Improving the performance of near infrared binary polymer solar cells by adding a second non-fullerene intermediate band-gap acceptor

Abstract

The strategy of using ternary blends for the active layer becomes increasingly important in single-junction organic solar cells (OSCs), particularly for boosting the performance of high-performance non-fullerene-based devices. In this work, a non-fullerene small molecule named IT-4F with a moderate bandgap (1.58 eV) is introduced as the third component into the PBDB-T-2Cl:IXIC-4Cl binary blend, where IXIC-4Cl is a low-bandgap acceptor with absorption up to ∼1000 nm.
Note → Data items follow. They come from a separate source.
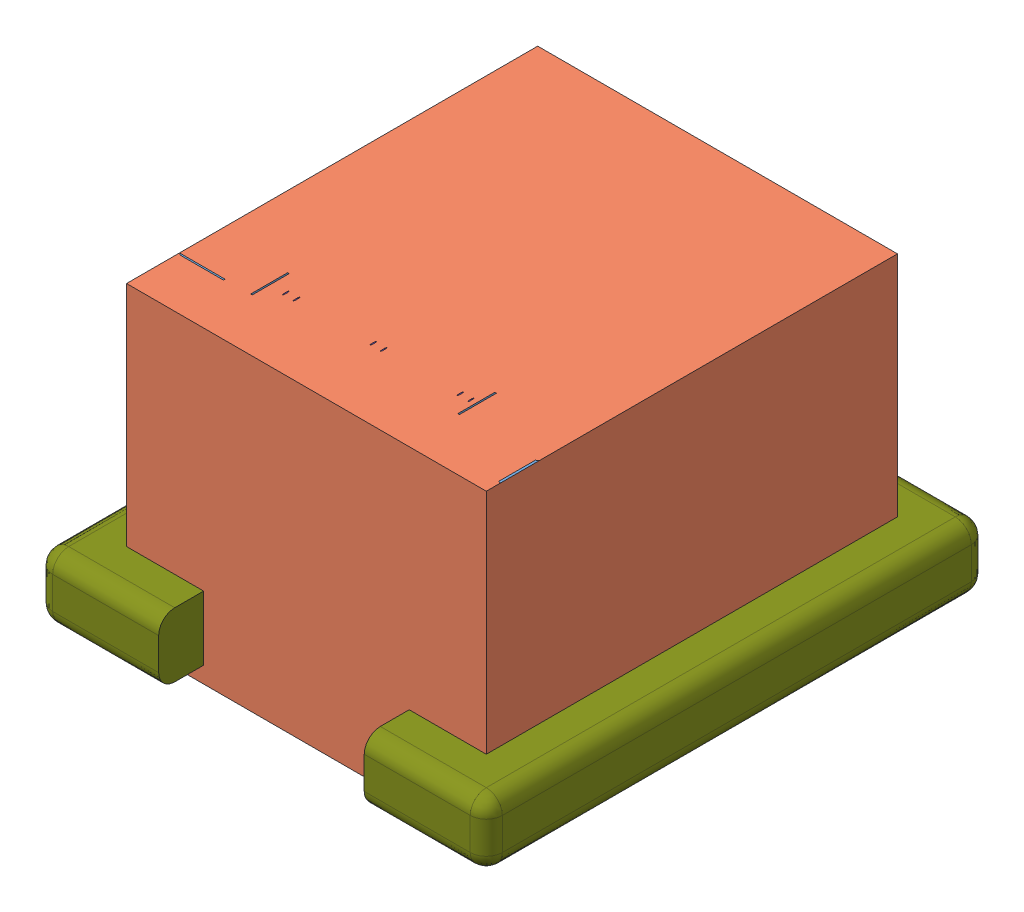
SolidWorks assembly BottyPotty, configuration Default. Lengths in mm.
Overall size (889 639.7 990.6).
139 component instances, 34 part files, 31 mates.
Components (placement in the parent):
- Gear Bit-1: Gear Bit [Default] at (72.3018 220.1757 180.7351) size (711.2 482.6 76.2)
- BoxBot-1: BoxBot [Default] at (72.3018 251.9257 -158.9899) size (711.2 609.6 812.8)
- Fuel-1: Fuel [Default] at (72.3018 234.1474 -212.6616) size (127 127 127)
- Bin-1: Bin [Default] at (72.3018 315.4257 -311.3899) size (711.2 482.6 508)
- Climby Bit-1: Climby Bit [Default] at (72.3018 137.6257 -463.7899) size (304.8 127 203.2)
- Gear-1: Gear [Default] at (72.3018 207.6033 181.9111) size (279.4 279.4 50.8)
- Collection-1: Collection [Default] at (-247.2786 -102.69 264.2469) x (0 0 -1) z (1 0 0) size (103.22 501.51 473.08)
  - HexRod-1: HexRod [Default] at (158.1244 213.3282 311.0594) size (12.7 14.66 406.4)
  - wheelpulley-1: wheelpulley [Default] at (101.3185 233.0041 546.741) x (0 0 -1) z (0.052324 -0.99863 0) size (42.43 76.75 76.75)
    - pulley-1: pulley [Default] at (45.3639 55.6985 22.6212) size (13 74.23 74.23)
    - pulley-2: pulley [Default] at (62.0263 55.6985 22.6212) x (-1 0 0) z (0 0.000084 1) size (13 74.23 74.23)
    - wheel-1: wheel [Default] at (70.1462 55.6985 22.6212) x (1 0 0) z (0 -0.99863 -0.052324) size (9.53 73.03 73.03)
    - wheel-2: wheel [Default] at (37.244 55.6985 22.6212) x (1 0 0) z (0 -0.99863 -0.052324) size (9.53 73.03 73.03)
  - wheelpulley-2: wheelpulley [Default] at (101.3185 233.0041 374.275) x (0 0 -1) z (0.052324 -0.99863 0) size (42.43 76.75 76.75)
    - pulley-1: pulley [Default] at (45.3639 55.6985 22.6212) size (13 74.23 74.23)
    - pulley-2: pulley [Default] at (62.0263 55.6985 22.6212) x (-1 0 0) z (0 0.000084 1) size (13 74.23 74.23)
    - wheel-1: wheel [Default] at (70.1462 55.6985 22.6212) x (1 0 0) z (0 -0.99863 -0.052324) size (9.53 73.03 73.03)
    - wheel-2: wheel [Default] at (37.244 55.6985 22.6212) x (1 0 0) z (0 -0.99863 -0.052324) size (9.53 73.03 73.03)
  - wheelpulley-3: wheelpulley [Default] at (101.3185 233.0041 201.809) x (0 0 -1) z (0.052324 -0.99863 0) size (42.43 76.75 76.75)
    - pulley-1: pulley [Default] at (45.3639 55.6985 22.6212) size (13 74.23 74.23)
    - pulley-2: pulley [Default] at (62.0263 55.6985 22.6212) x (-1 0 0) z (0 0.000084 1) size (13 74.23 74.23)
    - wheel-1: wheel [Default] at (70.1462 55.6985 22.6212) x (1 0 0) z (0 -0.99863 -0.052324) size (9.53 73.03 73.03)
    - wheel-2: wheel [Default] at (37.244 55.6985 22.6212) x (1 0 0) z (0 -0.99863 -0.052324) size (9.53 73.03 73.03)
  - wheelplate-1: wheelplate [Default] at (158.1244 213.3282 515.8469) x (0 0 -1) z (1 0 0) size (3.17 482.6 73.03)
  - wheelplate-2: wheelplate [Default] at (158.1244 213.3282 106.2719) x (0 0 -1) z (1 0 0) size (3.17 482.6 73.03)
  - CollectSub-1: CollectSub [Default] at (376.0703 456.2047 78.0182) size (103.22 103.22 450.86)
    - HexRod-1: HexRod [Default] at (-217.9459 166.6985 296.5412) size (12.7 14.66 406.4)
    - wheelpulley-1: wheelpulley [Default] at (-263.3886 127.3412 468.7227) x (0 0 -1) z (0.891001 -0.454001 0) size (42.43 76.75 76.75)
      - pulley-1: pulley [Default] at (45.3639 55.6985 22.6212) size (13 74.23 74.23)
      - pulley-2: pulley [Default] at (62.0263 55.6985 22.6212) x (-1 0 0) z (0 0.000084 1) size (13 74.23 74.23)
      - wheel-1: wheel [Default] at (70.1462 55.6985 22.6212) x (1 0 0) z (0 -0.99863 -0.052324) size (9.53 73.03 73.03)
      - wheel-2: wheel [Default] at (37.244 55.6985 22.6212) x (1 0 0) z (0 -0.99863 -0.052324) size (9.53 73.03 73.03)
    - wheelpulley-2: wheelpulley [Default] at (-263.3886 127.3412 296.2567) x (0 0 -1) z (0.891001 -0.454001 0) size (42.43 76.75 76.75)
      - pulley-1: pulley [Default] at (45.3639 55.6985 22.6212) size (13 74.23 74.23)
      - pulley-2: pulley [Default] at (62.0263 55.6985 22.6212) x (-1 0 0) z (0 0.000084 1) size (13 74.23 74.23)
      - wheel-1: wheel [Default] at (70.1462 55.6985 22.6212) x (1 0 0) z (0 -0.99863 -0.052324) size (9.53 73.03 73.03)
      - wheel-2: wheel [Default] at (37.244 55.6985 22.6212) x (1 0 0) z (0 -0.99863 -0.052324) size (9.53 73.03 73.03)
    - wheelpulley-3: wheelpulley [Default] at (-263.3886 127.3412 123.7907) x (0 0 -1) z (0.891001 -0.454001 0) size (42.43 76.75 76.75)
      - pulley-1: pulley [Default] at (45.3639 55.6985 22.6212) size (13 74.23 74.23)
      - pulley-2: pulley [Default] at (62.0263 55.6985 22.6212) x (-1 0 0) z (0 0.000084 1) size (13 74.23 74.23)
      - wheel-1: wheel [Default] at (70.1462 55.6985 22.6212) x (1 0 0) z (0 -0.99863 -0.052324) size (9.53 73.03 73.03)
      - wheel-2: wheel [Default] at (37.244 55.6985 22.6212) x (1 0 0) z (0 -0.99863 -0.052324) size (9.53 73.03 73.03)
  - Belt-gates 10mm wide-2: Belt-gates 10mm wide [Default] at (158.1371 418.0522 319.5804) x (0 0 1) z (0.000062 -1 0) size (15 69.9 479.58)
  - Belt-gates 10mm wide-3: Belt-gates 10mm wide [Default] at (158.1371 418.0522 491.638) x (0 0 1) z (0.000062 -1 0) size (15 69.9 479.58)
  - Belt-gates 10mm wide-4: Belt-gates 10mm wide [Default] at (158.1371 418.0522 149.5217) x (0 0 1) z (0.000062 -1 0) size (15 69.9 479.58)
- ball ramp-1: ball ramp [Default] at (72.3018 110.6382 106.1226) size (711.2 452.32 91.84)
- 2017 electronics plate-1: 2017 electronics plate [Default] at (72.3018 42.3757 -311.3899) x (1 0 0) z (0 0 -1) size (711.2 41.27 812.8)
  - electronics plate-1: electronics plate [Default] at origin size (711.2 3.17 812.8)
  - Victor-SP-Motor-controller-20217-9090-1: Victor-SP-Motor-controller-20217-9090 [Default] at (-258.5801 9.1448 -219.6738) size (30.24 20.93 144.78)
  - Victor-SP-Motor-controller-20217-9090-3: Victor-SP-Motor-controller-20217-9090 [Default] at (-215.4001 9.1448 -219.6738) size (30.24 20.93 144.78)
  - Victor-SP-Motor-controller-20217-9090-4: Victor-SP-Motor-controller-20217-9090 [Default] at (-172.2201 9.1448 -219.6738) size (30.24 20.93 144.78)
  - Victor-SP-Motor-controller-20217-9090-5: Victor-SP-Motor-controller-20217-9090 [Default] at (-129.0401 9.1448 -219.6738) size (30.24 20.93 144.78)
  - VoltReg-217-4245-1: VoltReg-217-4245 [Default] at (-39.4381 10.281 -153.6848) size (56.39 19.92 51.56)
  - RouterCrude-1: RouterCrude [Default] at (37.6355 15.875 -155.8516) size (66.67 25.4 92.08)
  - PowerDistribution-1: PowerDistribution [Default] at (-149.0064 9.8552 -39.9983) x (-1 0 0) z (0 0 -1) size (192.68 36.15 120.93)
  - Victor-SP-Motor-controller-20217-9090-9: Victor-SP-Motor-controller-20217-9090 [Default] at (122.4199 9.1448 -219.6738) size (30.24 20.93 144.78)
  - Victor-SP-Motor-controller-20217-9090-10: Victor-SP-Motor-controller-20217-9090 [Default] at (165.5999 9.1448 -219.6738) size (30.24 20.93 144.78)
  - Victor-SP-Motor-controller-20217-9090-11: Victor-SP-Motor-controller-20217-9090 [Default] at (208.7799 9.1448 -219.6738) size (30.24 20.93 144.78)
  - Victor-SP-Motor-controller-20217-9090-12: Victor-SP-Motor-controller-20217-9090 [Default] at (251.9599 9.1448 -219.6738) size (30.24 20.93 144.78)
  - RoboRIO-1: RoboRIO [Default] at (170.9718 13.675 -32.4938) x (0.999904 0 0.013829) z (-0.013829 0 0.999904) size (147 34 144)
- Drive Side 32- version current 1-20-17-1: Drive Side 32- version current 1-20-17 [Default] at (333.5386 -44.9466 -117.3546) x (0 0 1) z (0 1 0) size (812.8 264.42 101.6)
  - Part 1_1-1: Part 1_1 [Default] at (-41.6353 24.5131 42.8723) size (812.8 6.35 82.55)
  - Part 1_1_2-1: Part 1_1_2 [Default] at (-41.6353 94.3631 42.8723) size (812.8 6.35 82.55)
  - Part 5_1-1: Part 5_1 [Default] at (-293.1186 5.1631 48.3276) x (0 0 -1) z (1 0 0) size (62.86 145.05 62.86)
  - Part 5_1-2: Part 5_1 [Default] at (-47.0906 5.1631 32.689) size (62.86 145.05 62.86)
  - am-0255 2.5inch CIM Motor_1-1: am-0255 2.5inch CIM Motor_1 [Default] at (-318.4953 -64.3869 152.1685) x (1 0 0) z (0 1 0) size (64.01 64.01 154.94)
  - am-0255 2.5inch CIM Motor_1-2: am-0255 2.5inch CIM Motor_1 [Default] at (-77.1953 -64.3869 152.1685) x (1 0 0) z (0 1 0) size (64.01 64.01 154.94)
  - 4 in tread_1-1: 4 in tread_1 [Default] at (-282.9353 63.8121 42.8723) x (0 1 0) z (0 0 1) size (25.4 101.6 101.6)
  - 4in 2013 Hub_1-1: 4in 2013 Hub_1 [Default] at (-282.9353 63.8121 42.8723) x (0 1 0) z (1 0 0) size (17.56 82.55 82.55)
  - 4in 2013 Hub_1_2-1: 4in 2013 Hub_1_2 [Default] at (-282.9353 63.8121 42.8723) x (0 1 0) z (1 0 0) size (17.56 82.55 82.55)
  - 4 in tread_1-2: 4 in tread_1 [Default] at (-41.6353 67.1549 42.8723) x (0 -1 0) z (0 0 1) size (25.4 101.6 101.6)
  - 4in 2013 Hub_1-2: 4in 2013 Hub_1 [Default] at (-41.6353 67.1549 42.8723) x (0 1 0) z (1 0 0) size (17.56 82.55 82.55)
  - 4in 2013 Hub_1_2-2: 4in 2013 Hub_1_2 [Default] at (-41.6353 67.1549 42.8723) x (0 1 0) z (1 0 0) size (17.56 82.55 82.55)
  - am-0030 0.5''''id Flanged, Shielded Ball Bearing (FR8ZZ)_1-1: am-0030 0.5''''id Flanged, Shielded Ball Bearing (FR8ZZ)_1 [Default] at (-41.6353 94.4165 42.8723) x (1 0 0) z (0 -1 0) size (31.12 31.12 7.93)
  - am-0030 0.5''''id Flanged, Shielded Ball Bearing (FR8ZZ)_1-2: am-0030 0.5''''id Flanged, Shielded Ball Bearing (FR8ZZ)_1 [Default] at (-41.6353 18.1098 42.8723) x (1 0 0) z (0 1 0) size (31.12 31.12 7.93)
  - am-0030 0.5''''id Flanged, Shielded Ball Bearing (FR8ZZ)_1-3: am-0030 0.5''''id Flanged, Shielded Ball Bearing (FR8ZZ)_1 [Default] at (-282.9353 94.4165 42.8723) x (1 0 0) z (0 -1 0) size (31.12 31.12 7.93)
  - P60 bearing block_1-1: P60 bearing block_1 [Default] at (184.6301 84.0337 22.2734) x (0 1 0) z (1 0 0) size (9.02 38.25 38.25)
  - R8ZZ Bearing_1-1: R8ZZ Bearing_1 [Default] at (220.2635 84.3512 27.8377) x (0 1 0) z (0 0 1) size (7.94 28.58 28.58)
  - P60 bearing block_1-2: P60 bearing block_1 [Default] at (184.6301 28.4926 63.4711) x (0 -1 0) z (1 0 0) size (9.02 38.25 38.25)
  - R8ZZ Bearing_1-2: R8ZZ Bearing_1 [Default] at (220.2635 139.9137 27.8377) x (0 1 0) z (0 0 1) size (7.94 28.58 28.58)
  - 500 Key Hub r2_1-1: 500 Key Hub r2_1 [Default] at (-282.9353 80.3856 42.8723) x (-1 0 0) z (0 1 0) size (57.15 57.15 25.4)
  - 500 Key Hub r2_1-2: 500 Key Hub r2_1 [Default] at (-41.6353 50.5814 42.8723) x (1 0 0) z (0 -1 0) size (57.15 57.15 25.4)
  - 500 Key Hub r2_1-3: 500 Key Hub r2_1 [Default] at (-282.9353 47.2386 42.8723) x (1 0 0) z (0 -1 0) size (57.15 57.15 25.4)
  - 500 Key Hub r2_1-4: 500 Key Hub r2_1 [Default] at (-41.6353 83.7284 42.8723) x (-1 0 0) z (0 1 0) size (57.15 57.15 25.4)
  - am-0030 0.5''''id Flanged, Shielded Ball Bearing (FR8ZZ)_1-4: am-0030 0.5''''id Flanged, Shielded Ball Bearing (FR8ZZ)_1 [Default] at (-282.9353 18.1098 42.8723) x (1 0 0) z (0 1 0) size (31.12 31.12 7.93)
  - 217-2736.20121205_1-1: 217-2736.20121205_1 [Default] at (-37.0221 40.4543 45.4879) x (1 0 0) z (0 1 0) size (25.39 25.4 6.35)
  - 217-2736.20121205_1-2: 217-2736.20121205_1 [Default] at (-37.0221 93.8554 40.2567) x (1 0 0) z (0 -1 0) size (25.39 25.4 6.35)
  - 217-2736.20121205_1-3: 217-2736.20121205_1 [Default] at (-278.3221 37.1115 45.4879) x (1 0 0) z (0 1 0) size (25.39 25.4 6.35)
  - 217-2736.20121205_1-4: 217-2736.20121205_1 [Default] at (-278.3221 90.5127 40.2567) x (1 0 0) z (0 -1 0) size (25.39 25.4 6.35)
  - am-churro 500 churro tube_1-1: am-churro 500 churro tube_1 [Default] at (-435.3353 24.5131 68.9073) x (1 0 0) z (0 1 0) size (14.66 12.7 63.5)
  - am-churro 500 churro tube_1-2: am-churro 500 churro tube_1 [Default] at (-435.3353 24.5131 16.8373) x (1 0 0) z (0 1 0) size (14.66 12.7 63.5)
  - am-churro 500 churro tube_1-3: am-churro 500 churro tube_1 [Default] at (352.0647 24.5131 68.9073) x (1 0 0) z (0 1 0) size (14.66 12.7 63.5)
  - am-churro 500 churro tube_1-4: am-churro 500 churro tube_1 [Default] at (352.0647 24.5131 16.8373) x (1 0 0) z (0 1 0) size (14.66 12.7 63.5)
  - am-churro 500 churro tube_1-5: am-churro 500 churro tube_1 [Default] at (-162.2853 24.5131 16.8373) x (1 0 0) z (0 1 0) size (14.66 12.7 63.5)
  - am-churro 500 churro tube_1-6: am-churro 500 churro tube_1 [Default] at (79.0147 24.5131 68.9073) x (1 0 0) z (0 1 0) size (14.66 12.7 63.5)
  - am-churro 500 churro tube_1-7: am-churro 500 churro tube_1 [Default] at (79.0147 24.5131 16.8373) x (1 0 0) z (0 1 0) size (14.66 12.7 63.5)
  - am-churro 500 churro tube_1-8: am-churro 500 churro tube_1 [Default] at (-162.2853 24.5131 68.9073) x (1 0 0) z (0 1 0) size (14.66 12.7 63.5)
- Drive Side 32- version current 1-20-17-2: Drive Side 32- version current 1-20-17 [Default] at (-188.9351 40.798 -117.3546) x (0 0 1) z (0 -1 0) size (812.8 264.42 101.6)
  - Part 1_1-1: Part 1_1 [Default] at (-41.6353 24.5131 42.8723) size (812.8 6.35 82.55)
  - Part 1_1_2-1: Part 1_1_2 [Default] at (-41.6353 94.3631 42.8723) size (812.8 6.35 82.55)
  - Part 5_1-1: Part 5_1 [Default] at (-293.1186 5.1631 48.3276) x (0 0 -1) z (1 0 0) size (62.86 145.05 62.86)
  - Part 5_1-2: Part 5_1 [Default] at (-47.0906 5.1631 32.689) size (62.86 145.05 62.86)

Compared to the 11.99% and 13.47% efficiencies for the binary devices based on PBDB-T-2Cl:IXIC-4Cl and PDBD-T-2Cl:IT-4F, respectively, the ternary OSCs achieve a power conversion efficiency (PCE) of 14.96% when the weight ratio of PBDB-T-2Cl:IXIC-4Cl:IT-4F is 1.0 : 0.3 : 0.7. Through device and film characterization, IT-4F is shown to be an effective third component with functionalities including modulating the electronic properties, adjusting the frontier orbital energy levels, complementing the absorption spectrum and improving the active-layer morphology, which lead to significantly increased open-circuit voltage (V_OC), short-circuit current (J_SC) and fill factor (FF). Our method could be employed as a general approach to enhance the performance of nonfullerene OSCs based on low-bandgap small molecule acceptors.